=== Data for review ===

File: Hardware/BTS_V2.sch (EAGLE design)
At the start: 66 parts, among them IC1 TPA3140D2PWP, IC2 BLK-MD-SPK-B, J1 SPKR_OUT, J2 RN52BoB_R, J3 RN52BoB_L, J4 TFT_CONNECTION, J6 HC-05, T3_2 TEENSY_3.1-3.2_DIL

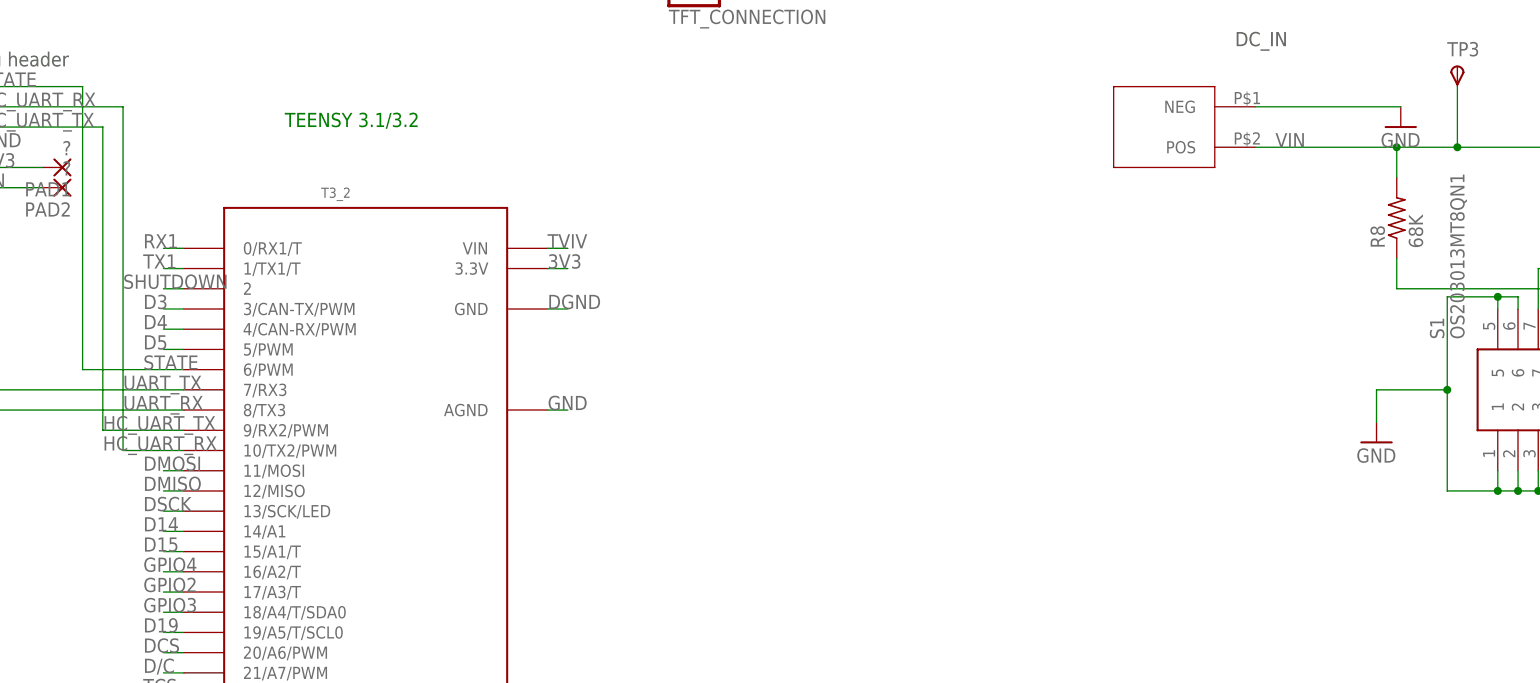
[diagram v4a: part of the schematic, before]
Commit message: Finally solved the issue - was a too large cap on output
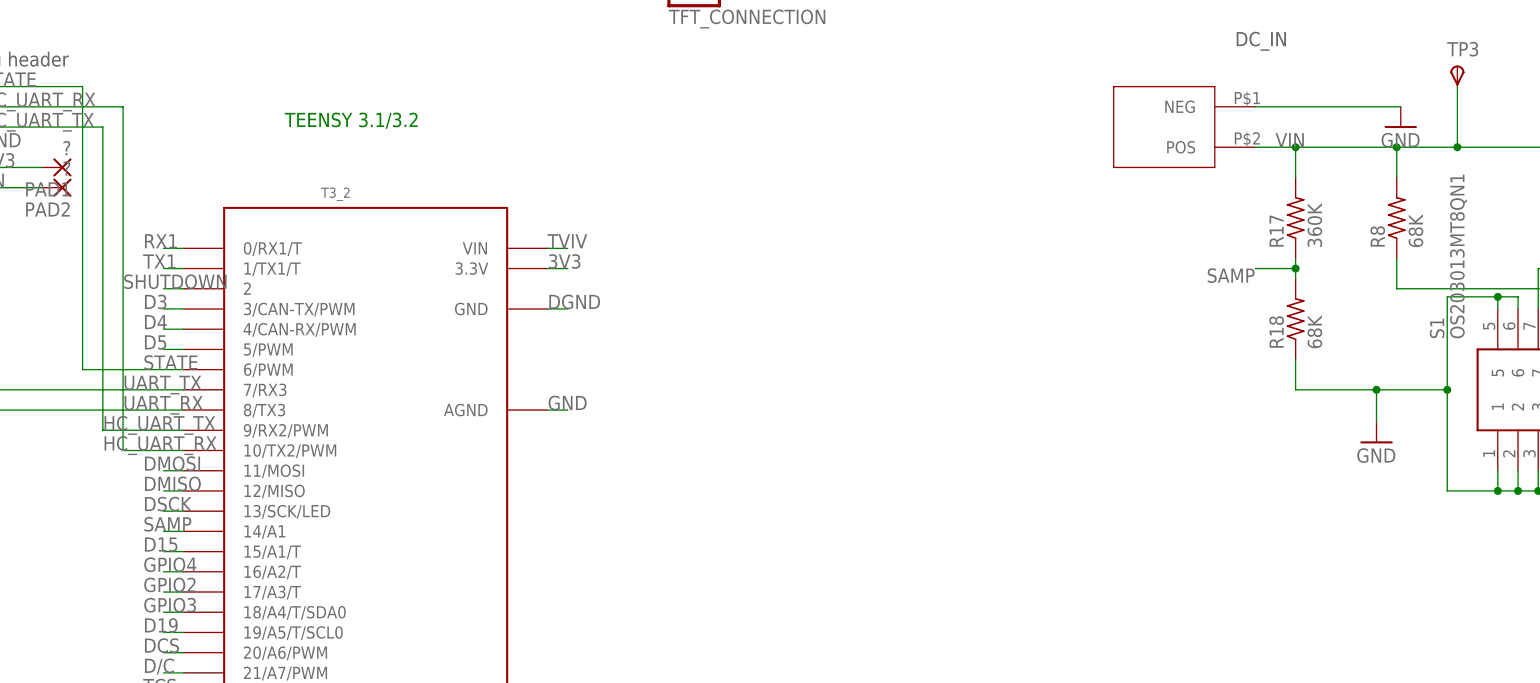
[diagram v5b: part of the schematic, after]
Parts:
- added R17: 360K, resistor:R-US_R0603
- added R18: 68K, resistor:R-US_R0603
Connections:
- removed net D14: T3_2.14/A1
- new net SAMP: R17.1, R18.2, T3_2.14/A1
- net GND: now also R18.1
- net VIN: now also R17.2
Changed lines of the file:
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@@
 <part name="TP7" library="testpad" library_urn="urn:adsk.eagle:library:385" deviceset="TPS" device="PAD1-17" package3d_urn="urn:adsk.eagle:package:27949/1"/>
 <part name="TP8" library="testpad" library_urn="urn:adsk.eagle:library:385" deviceset="TPS" device="PAD1-17" package3d_urn="urn:adsk.eagle:package:27949/1"/>
+<part name="R17" library="resistor" library_urn="urn:adsk.eagle:library:348" deviceset="R-US_" device="R0603" package3d_urn="urn:adsk.eagle:package:26057/1" value="360K">
+<attribute name="RESISTANCE" value="68K"/>
+</part>
+<part name="R18" library="resistor" library_urn="urn:adsk.eagle:library:348" deviceset="R-US_" device="R0603" package3d_urn="urn:adsk.eagle:package:26057/1" value="68K">
+<attribute name="RESISTANCE" value="68K"/>
+</part>
 </parts>
 <sheets>
@@
 <instance part="TP7" gate="G$1" x="229.362" y="45.72" rot="R180"/>
 <instance part="TP8" gate="G$1" x="220.98" y="45.72" rot="R180"/>
+<instance part="R17" gate="G$1" x="218.44" y="181.61" rot="R90"/>
+<instance part="R18" gate="G$1" x="218.44" y="168.91" rot="R90"/>
 </instances>
 <busses>
@@
 <wire x1="228.6" y1="160.02" x2="237.49" y2="160.02" width="0.1524" layer="91"/>
 <junction x="237.49" y="160.02"/>
+<pinref part="R18" gate="G$1" pin="1"/>
+<wire x1="228.6" y1="160.02" x2="218.44" y2="160.02" width="0.1524" layer="91"/>
+<wire x1="218.44" y1="160.02" x2="218.44" y2="163.83" width="0.1524" layer="91"/>
+<junction x="228.6" y="160.02"/>
 </segment>
 <segment>
@@
 <wire x1="261.62" y1="187.96" x2="261.62" y2="190.5" width="0.1524" layer="91"/>
 <label x="215.9" y="190.5" size="1.778" layer="95"/>
-<wire x1="213.36" y1="190.5" x2="231.14" y2="190.5" width="0.1524" layer="91"/>
+<wire x1="213.36" y1="190.5" x2="218.44" y2="190.5" width="0.1524" layer="91"/>
+<wire x1="218.44" y1="190.5" x2="231.14" y2="190.5" width="0.1524" layer="91"/>
 <wire x1="231.14" y1="190.5" x2="238.76" y2="190.5" width="0.1524" layer="91"/>
 <wire x1="238.76" y1="190.5" x2="261.62" y2="190.5" width="0.1524" layer="91"/>
@@
 <wire x1="238.76" y1="198.12" x2="238.76" y2="190.5" width="0.1524" layer="91"/>
 <junction x="238.76" y="190.5"/>
+<wire x1="218.44" y1="186.69" x2="218.44" y2="190.5" width="0.1524" layer="91"/>
+<junction x="218.44" y="190.5"/>
+<pinref part="R17" gate="G$1" pin="2"/>
 </segment>
 </net>
@@
 </segment>
 </net>
-<net name="D14" class="0">
-<segment>
-<pinref part="T3_2" gate="G$1" pin="14/A1"/>
-<wire x1="78.74" y1="142.24" x2="76.2" y2="142.24" width="0.1524" layer="91"/>
-<label x="73.66" y="142.24" size="1.778" layer="95"/>
-</segment>
-</net>
 <net name="D15" class="0">
 <segment>
@@
 </segment>
 </net>
+<net name="SAMP" class="0">
+<segment>
+<pinref part="R18" gate="G$1" pin="2"/>
+<pinref part="R17" gate="G$1" pin="1"/>
+<wire x1="218.44" y1="176.53" x2="218.44" y2="175.26" width="0.1524" layer="91"/>
+<label x="213.36" y="175.26" size="1.778" layer="95" rot="R180"/>
+<wire x1="218.44" y1="175.26" x2="218.44" y2="173.99" width="0.1524" layer="91"/>
+<wire x1="218.44" y1="175.26" x2="213.36" y2="175.26" width="0.1524" layer="91"/>
+<junction x="218.44" y="175.26"/>
+</segment>
+<segment>
+<pinref part="T3_2" gate="G$1" pin="14/A1"/>
+<wire x1="78.74" y1="142.24" x2="76.2" y2="142.24" width="0.1524" layer="91"/>
+<label x="73.66" y="142.24" size="1.778" layer="95"/>
+</segment>
+</net>

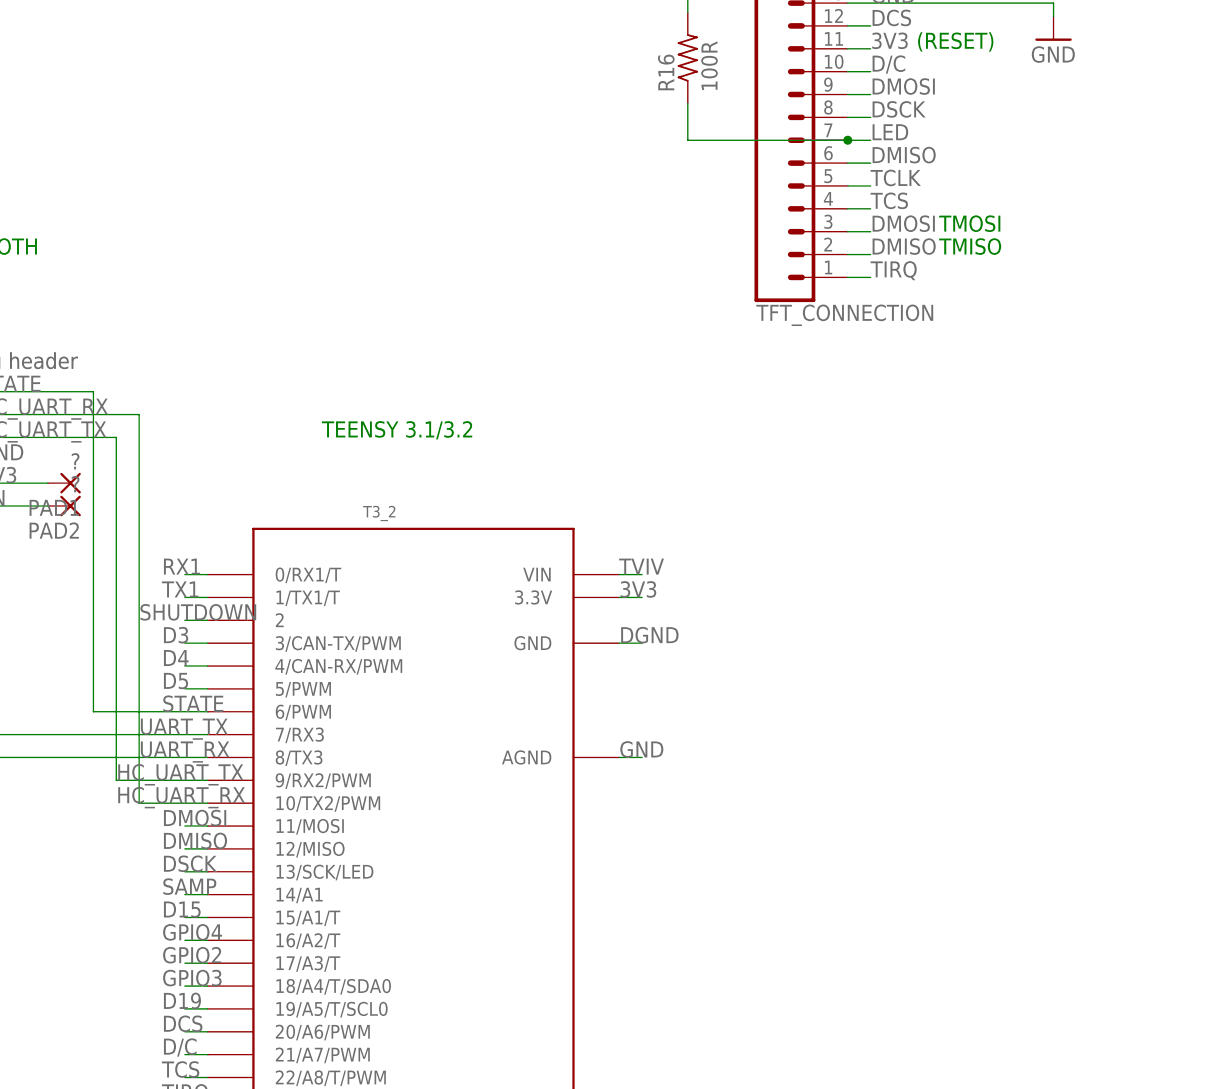
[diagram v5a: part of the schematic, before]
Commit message: Fixed two HW issues
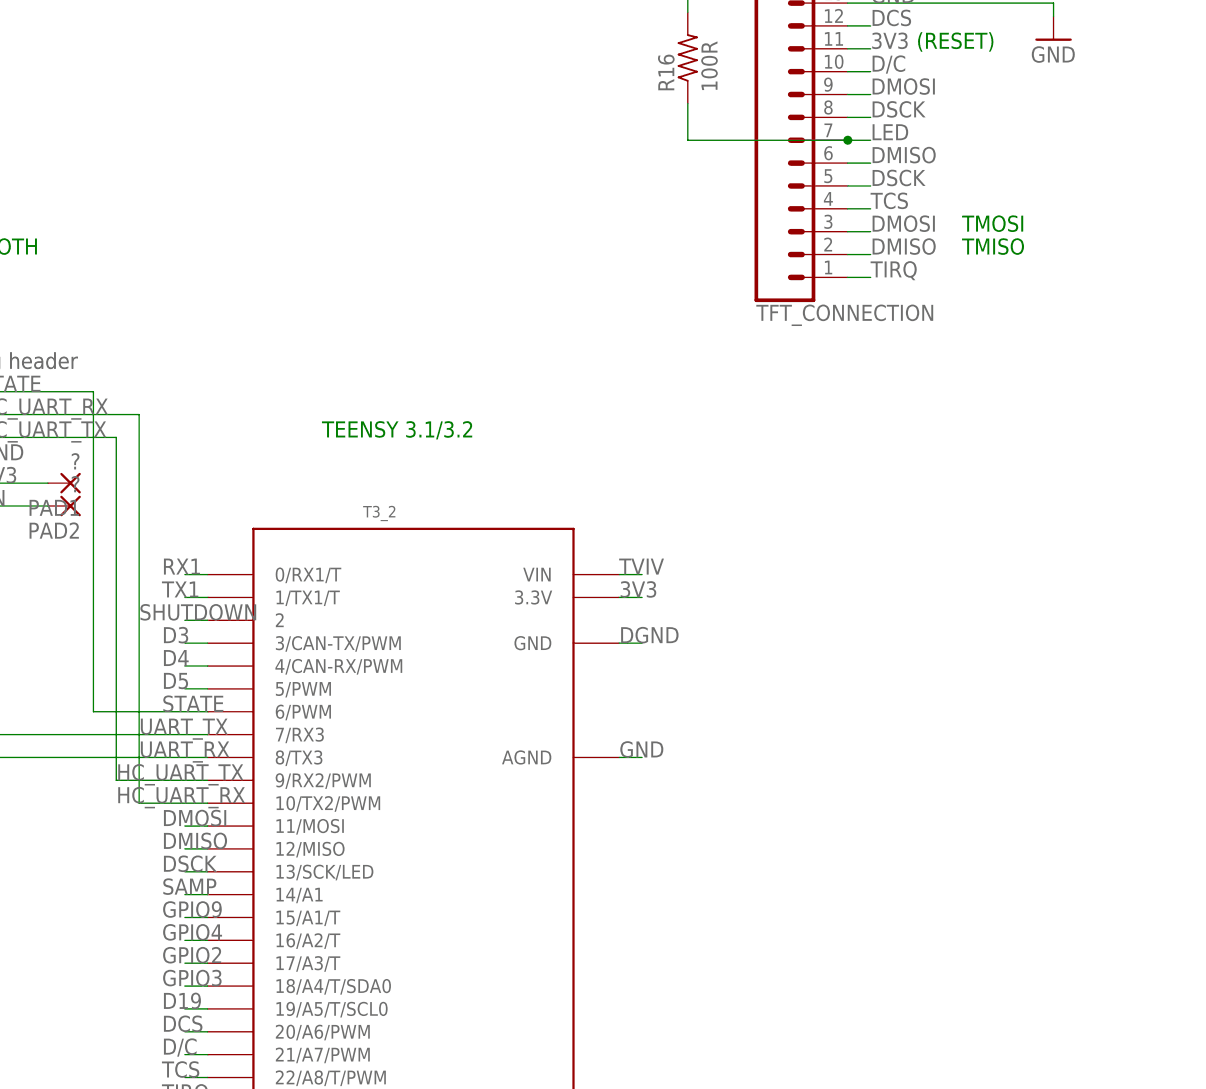
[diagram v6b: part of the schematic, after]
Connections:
- removed net D15: T3_2.15/A1/T
- removed net TCLK: J4.5
- net DSCK: now also J4.5
- net GPIO9: now also T3_2.15/A1/T
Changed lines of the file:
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@@
 <?xml version="1.0" encoding="utf-8"?>
 <!DOCTYPE eagle SYSTEM "eagle.dtd">
-<eagle version="8.7.0">
+<eagle version="9.0.1">
 <drawing>
 <settings>
-<setting alwaysvectorfont="yes"/>
+<setting alwaysvectorfont="no"/>
 <setting verticaltext="up"/>
 </settings>
@@
 <text x="378.46" y="7.62" size="2.54" layer="97">v1.0</text>
 <text x="157.48" y="236.22" size="1.778" layer="91">(RESET)</text>
-<text x="160.02" y="215.9" size="1.778" layer="91">TMOSI</text>
-<text x="160.02" y="213.36" size="1.778" layer="91">TMISO</text>
+<text x="162.56" y="215.9" size="1.778" layer="91">TMOSI</text>
+<text x="162.56" y="213.36" size="1.778" layer="91">TMISO</text>
 <text x="45.72" y="104.14" size="1.778" layer="91">Maybe try to remove the LDO and power the BT module from the 3v3 layout - I dont know if this works as of yet.</text>
 <text x="142.24" y="254" size="1.778" layer="91">TFT</text>
@@
 <label x="38.1" y="63.5" size="1.778" layer="95"/>
 </segment>
+<segment>
+<pinref part="T3_2" gate="G$1" pin="15/A1/T"/>
+<wire x1="78.74" y1="139.7" x2="76.2" y2="139.7" width="0.1524" layer="91"/>
+<label x="73.66" y="139.7" size="1.778" layer="95"/>
+</segment>
 </net>
 <net name="GPIO10" class="0">
@@
 </segment>
 </net>
-<net name="D15" class="0">
-<segment>
-<pinref part="T3_2" gate="G$1" pin="15/A1/T"/>
-<wire x1="78.74" y1="139.7" x2="76.2" y2="139.7" width="0.1524" layer="91"/>
-<label x="73.66" y="139.7" size="1.778" layer="95"/>
-</segment>
-</net>
 <net name="D19" class="0">
 <segment>
@@
 <wire x1="76.2" y1="144.78" x2="78.74" y2="144.78" width="0.1524" layer="91"/>
 <label x="73.66" y="144.78" size="1.778" layer="95"/>
+</segment>
+<segment>
+<pinref part="J4" gate="G$1" pin="5"/>
+<wire x1="149.86" y1="220.98" x2="152.4" y2="220.98" width="0.1524" layer="91"/>
+<label x="152.4" y="220.98" size="1.778" layer="95"/>
 </segment>
 </net>
@@
 </segment>
 </net>
-<net name="TCLK" class="0">
-<segment>
-<pinref part="J4" gate="G$1" pin="5"/>
-<wire x1="149.86" y1="220.98" x2="152.4" y2="220.98" width="0.1524" layer="91"/>
-<label x="152.4" y="220.98" size="1.778" layer="95"/>
-</segment>
-</net>

===

**Description of the task:** Transcribe each entry precisely as given, leaving the pictures out.

**Task output:**
File: Hardware/BTS_V2.sch (EAGLE design)
At the start: 66 parts, among them IC1 TPA3140D2PWP, IC2 BLK-MD-SPK-B, J1 SPKR_OUT, J2 RN52BoB_R, J3 RN52BoB_L, J4 TFT_CONNECTION, J6 HC-05, T3_2 TEENSY_3.1-3.2_DIL

[diagram v4a: part of the schematic, before]
Commit message: Finally solved the issue - was a too large cap on output
[diagram v5b: part of the schematic, after]
Parts:
- added R17: 360K, resistor:R-US_R0603
- added R18: 68K, resistor:R-US_R0603
Connections:
- removed net D14: T3_2.14/A1
- new net SAMP: R17.1, R18.2, T3_2.14/A1
- net GND: now also R18.1
- net VIN: now also R17.2
Changed lines of the file:
@@
 <part name="TP7" library="testpad" library_urn="urn:adsk.eagle:library:385" deviceset="TPS" device="PAD1-17" package3d_urn="urn:adsk.eagle:package:27949/1"/>
 <part name="TP8" library="testpad" library_urn="urn:adsk.eagle:library:385" deviceset="TPS" device="PAD1-17" package3d_urn="urn:adsk.eagle:package:27949/1"/>
+<part name="R17" library="resistor" library_urn="urn:adsk.eagle:library:348" deviceset="R-US_" device="R0603" package3d_urn="urn:adsk.eagle:package:26057/1" value="360K">
+<attribute name="RESISTANCE" value="68K"/>
+</part>
+<part name="R18" library="resistor" library_urn="urn:adsk.eagle:library:348" deviceset="R-US_" device="R0603" package3d_urn="urn:adsk.eagle:package:26057/1" value="68K">
+<attribute name="RESISTANCE" value="68K"/>
+</part>
 </parts>
 <sheets>
@@
 <instance part="TP7" gate="G$1" x="229.362" y="45.72" rot="R180"/>
 <instance part="TP8" gate="G$1" x="220.98" y="45.72" rot="R180"/>
+<instance part="R17" gate="G$1" x="218.44" y="181.61" rot="R90"/>
+<instance part="R18" gate="G$1" x="218.44" y="168.91" rot="R90"/>
 </instances>
 <busses>
@@
 <wire x1="228.6" y1="160.02" x2="237.49" y2="160.02" width="0.1524" layer="91"/>
 <junction x="237.49" y="160.02"/>
+<pinref part="R18" gate="G$1" pin="1"/>
+<wire x1="228.6" y1="160.02" x2="218.44" y2="160.02" width="0.1524" layer="91"/>
+<wire x1="218.44" y1="160.02" x2="218.44" y2="163.83" width="0.1524" layer="91"/>
+<junction x="228.6" y="160.02"/>
 </segment>
 <segment>
@@
 <wire x1="261.62" y1="187.96" x2="261.62" y2="190.5" width="0.1524" layer="91"/>
 <label x="215.9" y="190.5" size="1.778" layer="95"/>
-<wire x1="213.36" y1="190.5" x2="231.14" y2="190.5" width="0.1524" layer="91"/>
+<wire x1="213.36" y1="190.5" x2="218.44" y2="190.5" width="0.1524" layer="91"/>
+<wire x1="218.44" y1="190.5" x2="231.14" y2="190.5" width="0.1524" layer="91"/>
 <wire x1="231.14" y1="190.5" x2="238.76" y2="190.5" width="0.1524" layer="91"/>
 <wire x1="238.76" y1="190.5" x2="261.62" y2="190.5" width="0.1524" layer="91"/>
@@
 <wire x1="238.76" y1="198.12" x2="238.76" y2="190.5" width="0.1524" layer="91"/>
 <junction x="238.76" y="190.5"/>
+<wire x1="218.44" y1="186.69" x2="218.44" y2="190.5" width="0.1524" layer="91"/>
+<junction x="218.44" y="190.5"/>
+<pinref part="R17" gate="G$1" pin="2"/>
 </segment>
 </net>
@@
 </segment>
 </net>
-<net name="D14" class="0">
-<segment>
-<pinref part="T3_2" gate="G$1" pin="14/A1"/>
-<wire x1="78.74" y1="142.24" x2="76.2" y2="142.24" width="0.1524" layer="91"/>
-<label x="73.66" y="142.24" size="1.778" layer="95"/>
-</segment>
-</net>
 <net name="D15" class="0">
 <segment>
@@
 </segment>
 </net>
+<net name="SAMP" class="0">
+<segment>
+<pinref part="R18" gate="G$1" pin="2"/>
+<pinref part="R17" gate="G$1" pin="1"/>
+<wire x1="218.44" y1="176.53" x2="218.44" y2="175.26" width="0.1524" layer="91"/>
+<label x="213.36" y="175.26" size="1.778" layer="95" rot="R180"/>
+<wire x1="218.44" y1="175.26" x2="218.44" y2="173.99" width="0.1524" layer="91"/>
+<wire x1="218.44" y1="175.26" x2="213.36" y2="175.26" width="0.1524" layer="91"/>
+<junction x="218.44" y="175.26"/>
+</segment>
+<segment>
+<pinref part="T3_2" gate="G$1" pin="14/A1"/>
+<wire x1="78.74" y1="142.24" x2="76.2" y2="142.24" width="0.1524" layer="91"/>
+<label x="73.66" y="142.24" size="1.778" layer="95"/>
+</segment>
+</net>

[diagram v5a: part of the schematic, before]
Commit message: Fixed two HW issues
[diagram v6b: part of the schematic, after]
Connections:
- removed net D15: T3_2.15/A1/T
- removed net TCLK: J4.5
- net DSCK: now also J4.5
- net GPIO9: now also T3_2.15/A1/T
Changed lines of the file:
@@
 <?xml version="1.0" encoding="utf-8"?>
 <!DOCTYPE eagle SYSTEM "eagle.dtd">
-<eagle version="8.7.0">
+<eagle version="9.0.1">
 <drawing>
 <settings>
-<setting alwaysvectorfont="yes"/>
+<setting alwaysvectorfont="no"/>
 <setting verticaltext="up"/>
 </settings>
@@
 <text x="378.46" y="7.62" size="2.54" layer="97">v1.0</text>
 <text x="157.48" y="236.22" size="1.778" layer="91">(RESET)</text>
-<text x="160.02" y="215.9" size="1.778" layer="91">TMOSI</text>
-<text x="160.02" y="213.36" size="1.778" layer="91">TMISO</text>
+<text x="162.56" y="215.9" size="1.778" layer="91">TMOSI</text>
+<text x="162.56" y="213.36" size="1.778" layer="91">TMISO</text>
 <text x="45.72" y="104.14" size="1.778" layer="91">Maybe try to remove the LDO and power the BT module from the 3v3 layout - I dont know if this works as of yet.</text>
 <text x="142.24" y="254" size="1.778" layer="91">TFT</text>
@@
 <label x="38.1" y="63.5" size="1.778" layer="95"/>
 </segment>
+<segment>
+<pinref part="T3_2" gate="G$1" pin="15/A1/T"/>
+<wire x1="78.74" y1="139.7" x2="76.2" y2="139.7" width="0.1524" layer="91"/>
+<label x="73.66" y="139.7" size="1.778" layer="95"/>
+</segment>
 </net>
 <net name="GPIO10" class="0">
@@
 </segment>
 </net>
-<net name="D15" class="0">
-<segment>
-<pinref part="T3_2" gate="G$1" pin="15/A1/T"/>
-<wire x1="78.74" y1="139.7" x2="76.2" y2="139.7" width="0.1524" layer="91"/>
-<label x="73.66" y="139.7" size="1.778" layer="95"/>
-</segment>
-</net>
 <net name="D19" class="0">
 <segment>
@@
 <wire x1="76.2" y1="144.78" x2="78.74" y2="144.78" width="0.1524" layer="91"/>
 <label x="73.66" y="144.78" size="1.778" layer="95"/>
+</segment>
+<segment>
+<pinref part="J4" gate="G$1" pin="5"/>
+<wire x1="149.86" y1="220.98" x2="152.4" y2="220.98" width="0.1524" layer="91"/>
+<label x="152.4" y="220.98" size="1.778" layer="95"/>
 </segment>
 </net>
@@
 </segment>
 </net>
-<net name="TCLK" class="0">
-<segment>
-<pinref part="J4" gate="G$1" pin="5"/>
-<wire x1="149.86" y1="220.98" x2="152.4" y2="220.98" width="0.1524" layer="91"/>
-<label x="152.4" y="220.98" size="1.778" layer="95"/>
-</segment>
-</net>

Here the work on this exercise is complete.